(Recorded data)
● ● ● ● ● ● ●
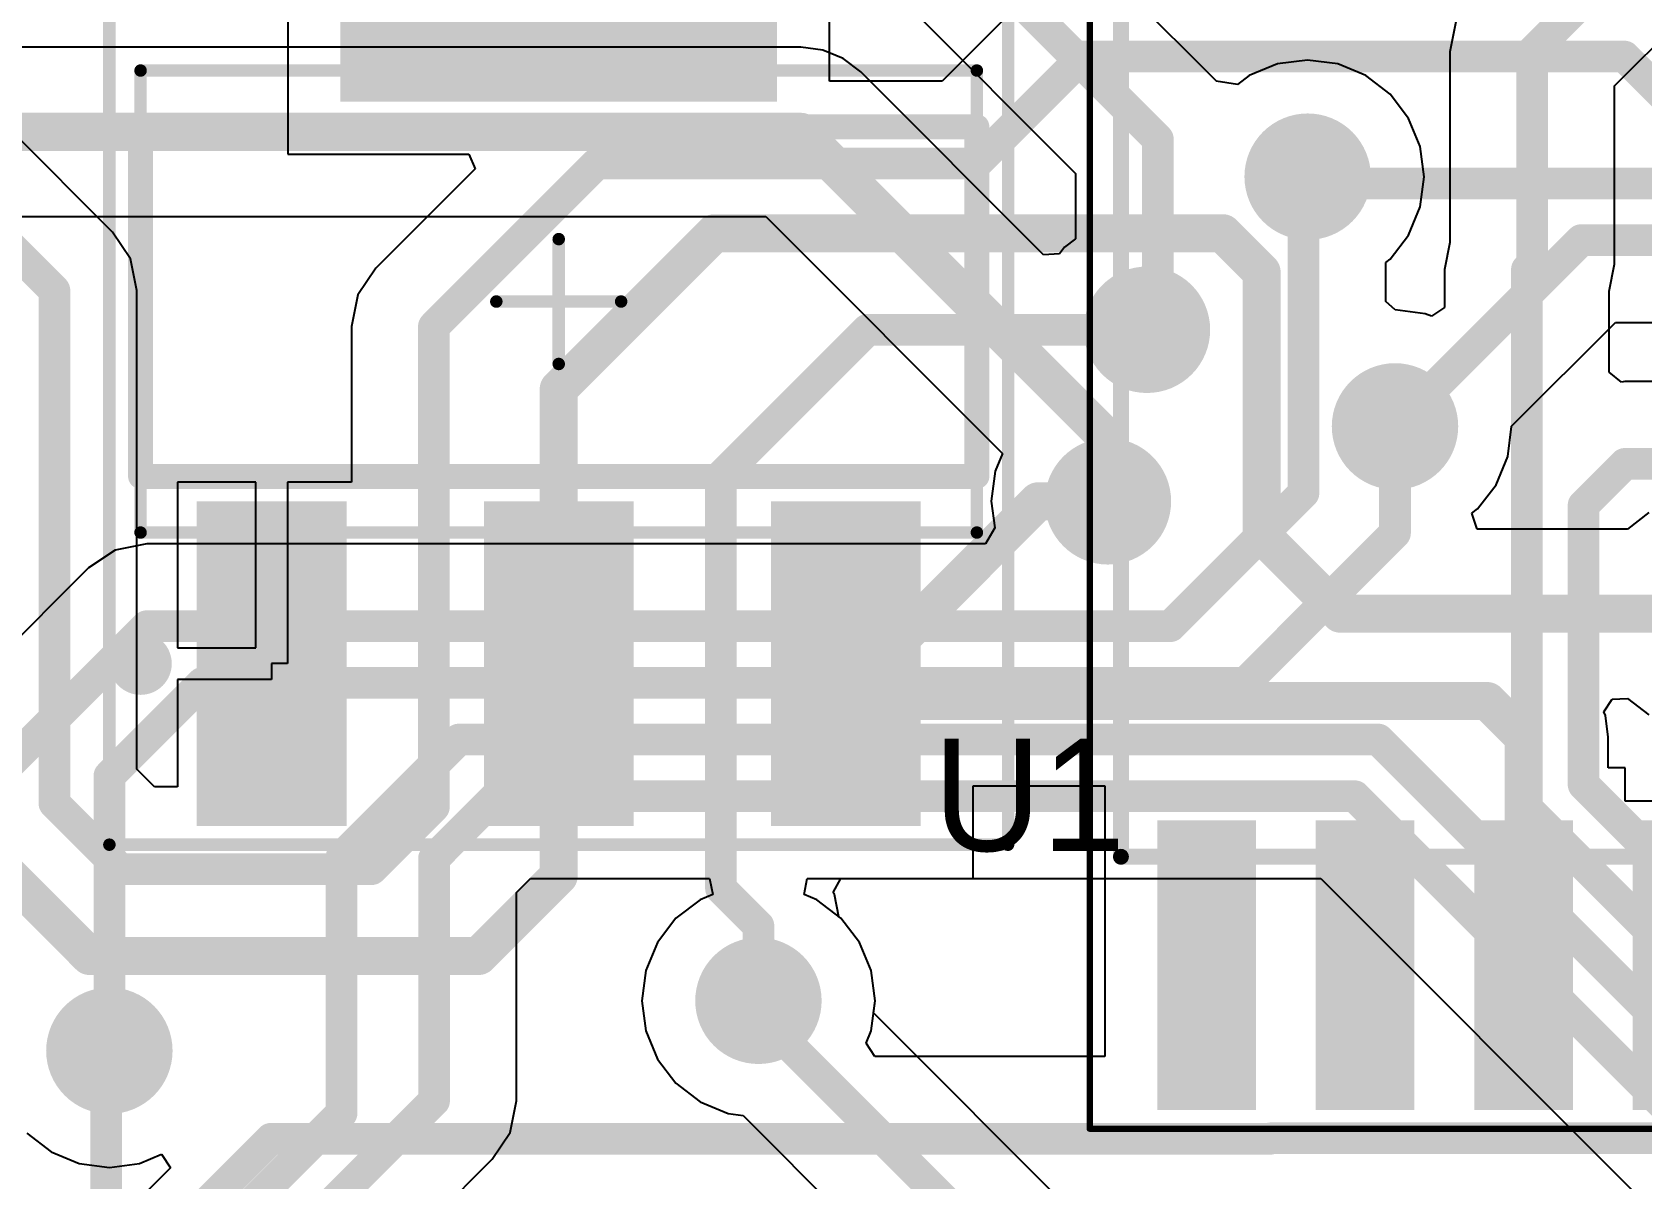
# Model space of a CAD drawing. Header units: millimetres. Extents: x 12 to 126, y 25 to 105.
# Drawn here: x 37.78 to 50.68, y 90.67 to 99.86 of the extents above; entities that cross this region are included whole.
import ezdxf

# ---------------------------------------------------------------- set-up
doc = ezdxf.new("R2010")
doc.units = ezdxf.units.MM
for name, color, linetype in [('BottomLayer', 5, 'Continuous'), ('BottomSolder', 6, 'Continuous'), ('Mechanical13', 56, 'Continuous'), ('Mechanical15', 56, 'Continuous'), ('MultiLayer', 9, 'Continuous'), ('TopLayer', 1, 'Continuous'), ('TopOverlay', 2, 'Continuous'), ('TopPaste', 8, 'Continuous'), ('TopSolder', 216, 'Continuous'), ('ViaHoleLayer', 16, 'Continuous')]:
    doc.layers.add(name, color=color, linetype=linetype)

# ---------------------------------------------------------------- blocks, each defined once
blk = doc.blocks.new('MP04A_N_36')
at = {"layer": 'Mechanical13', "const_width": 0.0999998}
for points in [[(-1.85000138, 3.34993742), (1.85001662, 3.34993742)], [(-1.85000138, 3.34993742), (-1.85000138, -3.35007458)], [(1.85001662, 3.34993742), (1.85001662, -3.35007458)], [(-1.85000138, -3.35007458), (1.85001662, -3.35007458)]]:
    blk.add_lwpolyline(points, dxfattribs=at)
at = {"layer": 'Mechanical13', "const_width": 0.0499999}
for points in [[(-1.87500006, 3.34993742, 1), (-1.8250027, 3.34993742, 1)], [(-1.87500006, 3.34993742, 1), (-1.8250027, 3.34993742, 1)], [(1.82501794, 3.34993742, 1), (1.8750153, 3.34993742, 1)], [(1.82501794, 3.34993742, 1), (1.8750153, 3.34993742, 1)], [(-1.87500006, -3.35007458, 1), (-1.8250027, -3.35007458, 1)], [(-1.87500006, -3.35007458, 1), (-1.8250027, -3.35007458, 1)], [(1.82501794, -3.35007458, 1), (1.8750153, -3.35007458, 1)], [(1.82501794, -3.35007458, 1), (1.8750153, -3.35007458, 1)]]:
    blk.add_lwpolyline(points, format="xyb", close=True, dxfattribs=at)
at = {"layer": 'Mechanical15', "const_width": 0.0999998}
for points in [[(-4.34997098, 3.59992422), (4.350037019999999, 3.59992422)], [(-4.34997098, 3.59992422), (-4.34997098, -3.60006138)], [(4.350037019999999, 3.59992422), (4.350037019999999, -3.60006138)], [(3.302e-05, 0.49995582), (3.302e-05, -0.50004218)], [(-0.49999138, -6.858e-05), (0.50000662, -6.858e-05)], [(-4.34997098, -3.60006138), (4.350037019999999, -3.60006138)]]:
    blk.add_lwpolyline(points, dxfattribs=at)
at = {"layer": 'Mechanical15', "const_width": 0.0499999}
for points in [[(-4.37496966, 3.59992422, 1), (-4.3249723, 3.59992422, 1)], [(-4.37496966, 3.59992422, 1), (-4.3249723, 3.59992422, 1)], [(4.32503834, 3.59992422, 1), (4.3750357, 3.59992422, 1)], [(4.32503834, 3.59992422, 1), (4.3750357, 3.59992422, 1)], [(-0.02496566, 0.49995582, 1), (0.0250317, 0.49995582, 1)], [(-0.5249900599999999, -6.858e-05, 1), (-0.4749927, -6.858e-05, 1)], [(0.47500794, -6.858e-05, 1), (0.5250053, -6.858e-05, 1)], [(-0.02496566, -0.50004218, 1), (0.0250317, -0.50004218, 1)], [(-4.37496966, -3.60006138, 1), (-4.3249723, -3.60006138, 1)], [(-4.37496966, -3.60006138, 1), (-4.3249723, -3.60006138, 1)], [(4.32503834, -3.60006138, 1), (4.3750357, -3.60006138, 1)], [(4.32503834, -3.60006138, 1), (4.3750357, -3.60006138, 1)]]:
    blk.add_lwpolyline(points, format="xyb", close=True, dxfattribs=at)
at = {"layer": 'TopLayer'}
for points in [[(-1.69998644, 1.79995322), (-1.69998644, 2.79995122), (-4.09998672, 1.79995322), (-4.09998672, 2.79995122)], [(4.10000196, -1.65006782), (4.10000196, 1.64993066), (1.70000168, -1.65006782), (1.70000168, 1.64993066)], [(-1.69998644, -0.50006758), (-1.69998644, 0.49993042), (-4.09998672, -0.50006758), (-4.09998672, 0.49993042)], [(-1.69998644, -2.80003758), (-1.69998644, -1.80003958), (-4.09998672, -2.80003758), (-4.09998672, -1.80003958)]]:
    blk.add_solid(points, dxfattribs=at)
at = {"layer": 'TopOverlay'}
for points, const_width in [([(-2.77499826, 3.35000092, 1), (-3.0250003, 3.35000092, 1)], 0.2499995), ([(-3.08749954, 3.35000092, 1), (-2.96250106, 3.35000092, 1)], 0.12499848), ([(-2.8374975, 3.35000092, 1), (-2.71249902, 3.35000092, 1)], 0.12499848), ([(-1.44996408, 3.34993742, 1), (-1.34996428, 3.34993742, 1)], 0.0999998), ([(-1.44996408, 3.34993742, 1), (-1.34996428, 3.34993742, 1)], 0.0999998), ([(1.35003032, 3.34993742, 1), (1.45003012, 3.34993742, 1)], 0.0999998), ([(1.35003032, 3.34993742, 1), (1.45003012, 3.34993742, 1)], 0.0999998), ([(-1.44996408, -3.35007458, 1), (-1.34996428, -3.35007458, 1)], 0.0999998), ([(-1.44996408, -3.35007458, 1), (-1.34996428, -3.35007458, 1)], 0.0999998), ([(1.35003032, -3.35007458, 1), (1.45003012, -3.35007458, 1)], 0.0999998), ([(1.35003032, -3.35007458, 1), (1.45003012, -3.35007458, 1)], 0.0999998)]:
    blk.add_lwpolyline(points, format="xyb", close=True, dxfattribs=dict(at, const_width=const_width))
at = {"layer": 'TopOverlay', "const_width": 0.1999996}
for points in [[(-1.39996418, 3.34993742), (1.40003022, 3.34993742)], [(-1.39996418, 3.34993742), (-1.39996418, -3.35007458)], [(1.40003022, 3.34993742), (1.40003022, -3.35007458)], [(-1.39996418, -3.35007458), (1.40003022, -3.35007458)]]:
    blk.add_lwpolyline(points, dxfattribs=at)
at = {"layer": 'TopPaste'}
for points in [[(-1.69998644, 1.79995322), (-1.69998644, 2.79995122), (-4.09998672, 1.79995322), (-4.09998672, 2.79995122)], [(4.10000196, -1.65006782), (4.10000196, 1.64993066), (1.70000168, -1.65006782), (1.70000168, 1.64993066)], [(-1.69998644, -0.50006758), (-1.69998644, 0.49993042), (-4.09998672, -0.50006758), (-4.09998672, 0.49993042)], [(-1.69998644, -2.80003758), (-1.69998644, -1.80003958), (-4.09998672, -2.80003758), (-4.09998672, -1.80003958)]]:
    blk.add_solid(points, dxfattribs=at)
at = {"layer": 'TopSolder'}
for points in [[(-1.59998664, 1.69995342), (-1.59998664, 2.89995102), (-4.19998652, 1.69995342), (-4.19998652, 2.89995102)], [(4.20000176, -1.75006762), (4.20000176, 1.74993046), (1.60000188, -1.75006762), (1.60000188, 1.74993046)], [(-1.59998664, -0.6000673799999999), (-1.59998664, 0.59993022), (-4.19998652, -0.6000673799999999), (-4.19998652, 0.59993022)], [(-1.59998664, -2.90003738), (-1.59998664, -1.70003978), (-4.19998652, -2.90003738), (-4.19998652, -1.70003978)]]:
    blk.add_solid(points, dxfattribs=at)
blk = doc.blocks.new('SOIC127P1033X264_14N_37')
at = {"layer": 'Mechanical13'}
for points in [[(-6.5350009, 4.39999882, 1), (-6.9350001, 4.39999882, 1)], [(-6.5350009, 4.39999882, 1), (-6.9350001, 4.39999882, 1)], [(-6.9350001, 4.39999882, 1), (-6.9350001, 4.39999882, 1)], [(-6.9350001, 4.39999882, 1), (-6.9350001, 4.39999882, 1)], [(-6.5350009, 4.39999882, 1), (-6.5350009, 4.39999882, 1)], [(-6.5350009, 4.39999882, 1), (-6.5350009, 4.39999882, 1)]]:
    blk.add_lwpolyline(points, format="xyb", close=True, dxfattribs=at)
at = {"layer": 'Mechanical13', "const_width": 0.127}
● ● ● ● ● ● ●
• _WHAT TO WORK ON_
Repeat only the lines between the start of the data and the line with "doc.layers.add(name, color=color, linetype=linetype)", including those two lines, and skip the pictures.

• _WRITTEN RESPONSE_
# Model space of a CAD drawing. Header units: millimetres. Extents: x 12 to 126, y 25 to 105.
# Drawn here: x 37.78 to 50.68, y 90.67 to 99.86 of the extents above; entities that cross this region are included whole.
import ezdxf

# ---------------------------------------------------------------- set-up
doc = ezdxf.new("R2010")
doc.units = ezdxf.units.MM
for name, color, linetype in [('BottomLayer', 5, 'Continuous'), ('BottomSolder', 6, 'Continuous'), ('Mechanical13', 56, 'Continuous'), ('Mechanical15', 56, 'Continuous'), ('MultiLayer', 9, 'Continuous'), ('TopLayer', 1, 'Continuous'), ('TopOverlay', 2, 'Continuous'), ('TopPaste', 8, 'Continuous'), ('TopSolder', 216, 'Continuous'), ('ViaHoleLayer', 16, 'Continuous')]:
    doc.layers.add(name, color=color, linetype=linetype)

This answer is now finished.